Мучительные сомнения подобного рода постоянно подтачивали хрупкий организм капеллана. Реально ли существовала только одна истинная вера и загробная жизнь? Сколько — действительно сколько — ангелов могло уместиться на острие иглы и чем занимался господь в бесконечно длившуюся эру до первого дня творения? Для чего потребовалась Каинова печать, если вокруг не было людей, которых следовало предостеречь? Рождались ли дочери у Адама и Евы? Эти величайшие, неразрешимые тайны изводили теперь капеллана день за днем. И, однако, даже они бессильно меркли перед самым страшным вопросом — о доброте и хороших манерах. Он корчился, словно посаженный на кол сомнения преступник, не в силах разрешить или отвергнуть — как неразрешимые — коренные проблемы жизни. Он постоянно раздваивался, ибо не мог преодолеть отчаяния и расстаться с надеждой.
— Скажите, у вас когда-нибудь возникало ощущение, что события, в которых вы, как вам известно, участвуете первый раз, уже случались? — Этот вопрос капеллан задал Йоссариану, когда тот пришел к нему в палатку с просьбой освободить его от полетов, а он предложил ему бутылочку тепловатой кока-колы, ибо никакого иного утешения предложить не мог. Держа бутылочку в обеих руках, Йоссариан рассеянно кивнул, и у капеллана радостно участилось дыхание, потому что его обуяла надежда сорвать непроглядные покровы с вечных тайн бытия, воздействуя на них двойным волевым усилием. — А сейчас у вас нет такого ощущения? — спросил он.

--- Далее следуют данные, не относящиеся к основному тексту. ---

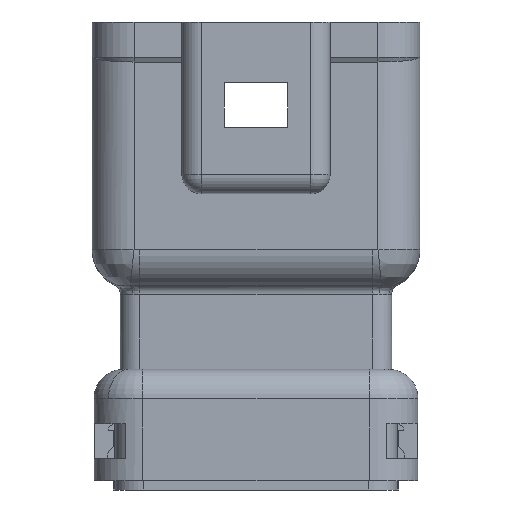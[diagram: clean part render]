
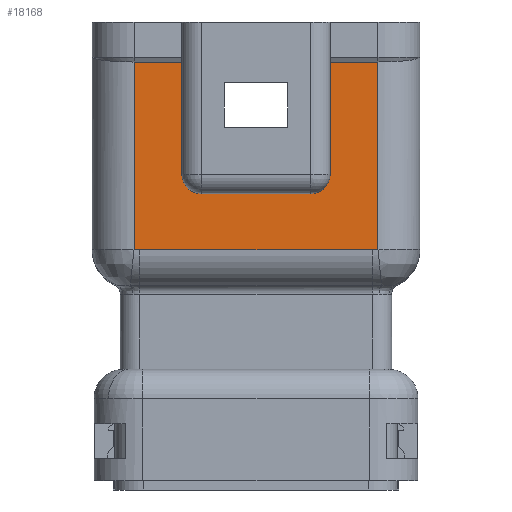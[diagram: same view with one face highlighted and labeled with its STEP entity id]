
A CAD part, front view. The second image highlights one B-rep face of the part: STEP entity #18168.
In plain terms, the highlighted planar face has unit normal (0, -1, 0).
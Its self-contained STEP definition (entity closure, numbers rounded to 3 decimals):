
#11 = LINE ( 'NONE', #32977, #22932 ) ;
#123 = DIRECTION ( 'NONE',  ( 0., 0., 1. ) ) ;
#321 = EDGE_CURVE ( 'NONE', #20113, #29344, #976, .T. ) ;
#676 = CARTESIAN_POINT ( 'NONE',  ( 14.65, 2.2, -12.341 ) ) ;
#976 = LINE ( 'NONE', #27925, #33272 ) ;
#1304 = ORIENTED_EDGE ( 'NONE', *, *, #27221, .F. ) ;
#2764 = CARTESIAN_POINT ( 'NONE',  ( 4.6, 2.2, -21.93 ) ) ;
#3157 = DIRECTION ( 'NONE',  ( 0., 0., 1. ) ) ;
#3220 = VERTEX_POINT ( 'NONE', #27435 ) ;
#3382 = CARTESIAN_POINT ( 'NONE',  ( 2.211, 2.2, -12.335 ) ) ;
#3401 = CARTESIAN_POINT ( 'NONE',  ( 14.436, 2.2, -12.324 ) ) ;
#3592 = CARTESIAN_POINT ( 'NONE',  ( 14.638, 2.2, -12.339 ) ) ;
#4031 = VERTEX_POINT ( 'NONE', #18724 ) ;
#4282 = VECTOR ( 'NONE', #3157, 1000. ) ;
#4606 =( BOUNDED_CURVE ( )  B_SPLINE_CURVE ( 3, ( #18408, #24283, #3382, #24478, #27216, #30315, #21341 ),
 .UNSPECIFIED., .F., .F. ) 
 B_SPLINE_CURVE_WITH_KNOTS ( ( 4, 1, 1, 1, 4 ),
 ( 0., 0.141, 0.419, 0.707, 1. ),
 .UNSPECIFIED. ) 
 CURVE ( )  GEOMETRIC_REPRESENTATION_ITEM ( )  RATIONAL_B_SPLINE_CURVE ( ( 1.098, 1.098, 1.098, 1.098, 1.098, 1.098, 1.098 ) ) 
 REPRESENTATION_ITEM ( '' )  );
#4792 = ORIENTED_EDGE ( 'NONE', *, *, #321, .F. ) ;
#5464 = LINE ( 'NONE', #13672, #31909 ) ;
#7442 = PLANE ( 'NONE',  #21576 ) ;
#7733 = VERTEX_POINT ( 'NONE', #9480 ) ;
#8036 = EDGE_CURVE ( 'NONE', #18675, #21902, #4606, .T. ) ;
#8411 = EDGE_CURVE ( 'NONE', #28059, #29344, #23481, .T. ) ;
#8749 = CARTESIAN_POINT ( 'NONE',  ( 14.65, 2.2, -12.341 ) ) ;
#9186 = EDGE_CURVE ( 'NONE', #13147, #7733, #20570, .T. ) ;
#9380 = CARTESIAN_POINT ( 'NONE',  ( 5.6, 2.2, -15.18 ) ) ;
#9384 = DIRECTION ( 'NONE',  ( 0., 1., 0. ) ) ;
#9456 = CARTESIAN_POINT ( 'NONE',  ( 14.524, 2.2, -12.329 ) ) ;
#9474 = EDGE_CURVE ( 'NONE', #17334, #38209, #14120, .T. ) ;
#9480 = CARTESIAN_POINT ( 'NONE',  ( 4.6, 2.2, -21.93 ) ) ;
#9554 = CARTESIAN_POINT ( 'NONE',  ( 14.65, 2.2, -21.93 ) ) ;
#9911 = EDGE_CURVE ( 'NONE', #7733, #28059, #17203, .T. ) ;
#9930 = LINE ( 'NONE', #36474, #22237 ) ;
#10477 = ORIENTED_EDGE ( 'NONE', *, *, #31229, .F. ) ;
#11215 = DIRECTION ( 'NONE',  ( 0., 0., 1. ) ) ;
#11378 = ORIENTED_EDGE ( 'NONE', *, *, #36478, .F. ) ;
#11995 = CARTESIAN_POINT ( 'NONE',  ( 14.35, 2.2, -12.323 ) ) ;
#12586 = ORIENTED_EDGE ( 'NONE', *, *, #8411, .T. ) ;
#12879 = AXIS2_PLACEMENT_3D ( 'NONE', #24432, #9384, #36313 ) ;
#13147 = VERTEX_POINT ( 'NONE', #15047 ) ;
#13434 = CARTESIAN_POINT ( 'NONE',  ( 12.2, 2.2, -16.18 ) ) ;
#13435 = ORIENTED_EDGE ( 'NONE', *, *, #24587, .T. ) ;
#13672 = CARTESIAN_POINT ( 'NONE',  ( 2.45, 2.2, -12.323 ) ) ;
#13677 = CARTESIAN_POINT ( 'NONE',  ( 2.15, 2.2, -21.93 ) ) ;
#14120 = LINE ( 'NONE', #26066, #31071 ) ;
#14905 = DIRECTION ( 'NONE',  ( 1., 0., 0. ) ) ;
#15047 = CARTESIAN_POINT ( 'NONE',  ( 2.15, 2.2, -21.93 ) ) ;
#15430 = AXIS2_PLACEMENT_3D ( 'NONE', #34746, #24519, #28207 ) ;
#17203 = LINE ( 'NONE', #2764, #4282 ) ;
#17319 = VECTOR ( 'NONE', #14905, 1000. ) ;
#17334 = VERTEX_POINT ( 'NONE', #9554 ) ;
#17418 = ORIENTED_EDGE ( 'NONE', *, *, #22507, .F. ) ;
#18168 = ADVANCED_FACE ( 'NONE', ( #34559 ), #7442, .T. ) ;
#18408 = CARTESIAN_POINT ( 'NONE',  ( 2.15, 2.2, -12.341 ) ) ;
#18675 = VERTEX_POINT ( 'NONE', #20074 ) ;
#18724 = CARTESIAN_POINT ( 'NONE',  ( 14.35, 2.2, -12.323 ) ) ;
#18741 = DIRECTION ( 'NONE',  ( 1., 0., 0. ) ) ;
#20074 = CARTESIAN_POINT ( 'NONE',  ( 2.15, 2.2, -12.341 ) ) ;
#20113 = VERTEX_POINT ( 'NONE', #30613 ) ;
#20570 = LINE ( 'NONE', #37614, #17319 ) ;
#21341 = CARTESIAN_POINT ( 'NONE',  ( 2.45, 2.2, -12.323 ) ) ;
#21576 = AXIS2_PLACEMENT_3D ( 'NONE', #13677, #25617, #37297 ) ;
#21902 = VERTEX_POINT ( 'NONE', #32825 ) ;
#22237 = VECTOR ( 'NONE', #33935, 1000. ) ;
#22507 = EDGE_CURVE ( 'NONE', #13147, #18675, #9930, .T. ) ;
#22584 = ORIENTED_EDGE ( 'NONE', *, *, #8036, .F. ) ;
#22932 = VECTOR ( 'NONE', #18741, 1000. ) ;
#23481 = CIRCLE ( 'NONE', #12879, 1. ) ;
#23649 = EDGE_CURVE ( 'NONE', #3220, #17334, #11, .T. ) ;
#23998 = ORIENTED_EDGE ( 'NONE', *, *, #9911, .T. ) ;
#24283 = CARTESIAN_POINT ( 'NONE',  ( 2.166, 2.2, -12.339 ) ) ;
#24432 = CARTESIAN_POINT ( 'NONE',  ( 5.6, 2.2, -16.18 ) ) ;
#24435 = DIRECTION ( 'NONE',  ( -1., 0., 0. ) ) ;
#24478 = CARTESIAN_POINT ( 'NONE',  ( 2.284, 2.2, -12.328 ) ) ;
#24519 = DIRECTION ( 'NONE',  ( 0., 1., 0. ) ) ;
#24575 = ORIENTED_EDGE ( 'NONE', *, *, #9186, .T. ) ;
#24587 = EDGE_CURVE ( 'NONE', #20113, #38017, #27877, .T. ) ;
#25617 = DIRECTION ( 'NONE',  ( 0., -1., 0. ) ) ;
#26066 = CARTESIAN_POINT ( 'NONE',  ( 14.65, 2.2, -21.93 ) ) ;
#26892 = CARTESIAN_POINT ( 'NONE',  ( 12.2, 2.2, -21.93 ) ) ;
#27216 = CARTESIAN_POINT ( 'NONE',  ( 2.368, 2.2, -12.324 ) ) ;
#27221 = EDGE_CURVE ( 'NONE', #4031, #38209, #32304, .T. ) ;
#27435 = CARTESIAN_POINT ( 'NONE',  ( 12.2, 2.2, -21.93 ) ) ;
#27442 = CARTESIAN_POINT ( 'NONE',  ( 14.595, 2.2, -12.335 ) ) ;
#27524 = VECTOR ( 'NONE', #123, 1000. ) ;
#27877 = CIRCLE ( 'NONE', #15430, 1. ) ;
#27925 = CARTESIAN_POINT ( 'NONE',  ( 11.2, 2.2, -15.18 ) ) ;
#28059 = VERTEX_POINT ( 'NONE', #36083 ) ;
#28207 = DIRECTION ( 'NONE',  ( 0., 0., 1. ) ) ;
#29344 = VERTEX_POINT ( 'NONE', #9380 ) ;
#30315 = CARTESIAN_POINT ( 'NONE',  ( 2.422, 2.2, -12.323 ) ) ;
#30339 = CARTESIAN_POINT ( 'NONE',  ( 14.379, 2.2, -12.323 ) ) ;
#30613 = CARTESIAN_POINT ( 'NONE',  ( 11.2, 2.2, -15.18 ) ) ;
#31071 = VECTOR ( 'NONE', #11215, 1000. ) ;
#31229 = EDGE_CURVE ( 'NONE', #3220, #38017, #35246, .T. ) ;
#31909 = VECTOR ( 'NONE', #34554, 1000. ) ;
#32304 =( BOUNDED_CURVE ( )  B_SPLINE_CURVE ( 3, ( #11995, #30339, #3401, #9456, #27442, #3592, #676 ),
 .UNSPECIFIED., .F., .F. ) 
 B_SPLINE_CURVE_WITH_KNOTS ( ( 4, 1, 1, 1, 4 ),
 ( 0., 0.307, 0.606, 0.895, 1. ),
 .UNSPECIFIED. ) 
 CURVE ( )  GEOMETRIC_REPRESENTATION_ITEM ( )  RATIONAL_B_SPLINE_CURVE ( ( 1.098, 1.098, 1.098, 1.098, 1.098, 1.098, 1.098 ) ) 
 REPRESENTATION_ITEM ( '' )  );
#32318 = ORIENTED_EDGE ( 'NONE', *, *, #9474, .T. ) ;
#32825 = CARTESIAN_POINT ( 'NONE',  ( 2.45, 2.2, -12.323 ) ) ;
#32977 = CARTESIAN_POINT ( 'NONE',  ( 12.2, 2.2, -21.93 ) ) ;
#33272 = VECTOR ( 'NONE', #24435, 1000. ) ;
#33935 = DIRECTION ( 'NONE',  ( 0., 0., 1. ) ) ;
#34455 = ORIENTED_EDGE ( 'NONE', *, *, #23649, .T. ) ;
#34554 = DIRECTION ( 'NONE',  ( 1., 0., 0. ) ) ;
#34559 = FACE_OUTER_BOUND ( 'NONE', #38066, .T. ) ;
#34746 = CARTESIAN_POINT ( 'NONE',  ( 11.2, 2.2, -16.18 ) ) ;
#35246 = LINE ( 'NONE', #26892, #27524 ) ;
#36083 = CARTESIAN_POINT ( 'NONE',  ( 4.6, 2.2, -16.18 ) ) ;
#36313 = DIRECTION ( 'NONE',  ( -1., 0., 0. ) ) ;
#36474 = CARTESIAN_POINT ( 'NONE',  ( 2.15, 2.2, -21.93 ) ) ;
#36478 = EDGE_CURVE ( 'NONE', #21902, #4031, #5464, .T. ) ;
#37297 = DIRECTION ( 'NONE',  ( 1., 0., 0. ) ) ;
#37614 = CARTESIAN_POINT ( 'NONE',  ( 2.15, 2.2, -21.93 ) ) ;
#38017 = VERTEX_POINT ( 'NONE', #13434 ) ;
#38066 = EDGE_LOOP ( 'NONE', ( #13435, #10477, #34455, #32318, #1304, #11378, #22584, #17418, #24575, #23998, #12586, #4792 ) ) ;
#38209 = VERTEX_POINT ( 'NONE', #8749 ) ;

Йоссариан отрицательно покачал головой и объяснил капеллану, что déjà vu возникает у человека из-за краткого запаздывания в работе одного из двух нервных центров, которые должны реагировать на раздражитель одновременно. Капеллан пропустил его слова мимо ушей. Он огорчился, но не очень-то поверил Йоссариану, считая, что ему дан великий знак — тайное и таинственное знамение, про которое он пока не решался упомянуть вслух. Знамение это говорило о его боговдохновенных прозрениях или болезненных галлюцинациях: он был либо блаженным, либо безумным. Оба предположения нагоняли на него боязливую тревогу. Déjà vu, presque vu и jamais vu тут явно приходилось отбросить. Возможно, он столкнулся с неизвестным для него vu, вызвавшим те удивительные события, в которых он принимал участие как деятель и свидетель. Но возможно, событий, про которые он думал, что они приключились, вовсе и не было, а он просто стал жертвой аберрации памяти, и сейчас ему только казалось, что некогда он думал о чем-то как об увиденном, поскольку его преследовала двойная иллюзия: ему сегодня чудилось, что когда-то ему почудилось, что он увидел голого человека, сидящего на дереве неподалеку от кладбища.
Капеллан понимал, что он плохо приспособлен для своей воинской должности, и часто размышлял, не лучше ли ему служилось бы, если б он стал рядовым пехотинцем, или артиллеристом, или даже десантником. У него не было настоящих друзей. До встречи с Йоссарианом он ни с кем из однополчан не чувствовал себя легко, да и с Йоссарианом ему было не слишком легко, потому что бешеные йоссарианские выходки, особенно со старшими по званию, все время держали капеллана в напряжении, доставляя ему остренькое, но весьма тревожное удовольствие. И тем не менее он считал, что ему ничто не угрожает, когда сидел в офицерском клубе с Йоссарианом и Дэнбаром или хотя бы с Нетли и Маквотом. Когда он сидел с ними, его не терзал мучительный вопрос, где бы ему сесть, а это многого стоило, потому что он был избавлен от компании любых других офицеров, которые приветствовали его, если он к ним подсаживался, с подчеркнутым радушием и потом ждали его ухода с плохо скрытым нетерпением. Многие, очень многие ощущали при нем скованность и неловкость. Почти все вроде бы относились к нему хорошо, и никто не проявлял истинной сердечности; каждый был готов с ним поговорить, и ни от кого не слышал он теплого человеческого слова. Другое дело Йоссариан и Дэнбар: они-то явно вели себя при нем вполне свободно, а ему было с ними почти легко. По крайней мере однажды они действенно доказали, что он состоит под их защитой, — это случилось, когда полковник Кошкарт опять вознамерился выгнать его из офицерского клуба и Йоссариан свирепо вскочил, чтобы вмешаться, а Нетли прошипел ему театральным шепотом «Йоссариан!», чтобы его остановить. При звуках йоссариановской фамилии полковник Кошкарт побелел ко всеобщему изумлению как мел и в ужасе попятился назад, пока не наткнулся на генерала Дридла, который брезгливо оттолкнул его локтем и приказал, чтобы тот обязал капеллана каждый вечер являться в клуб.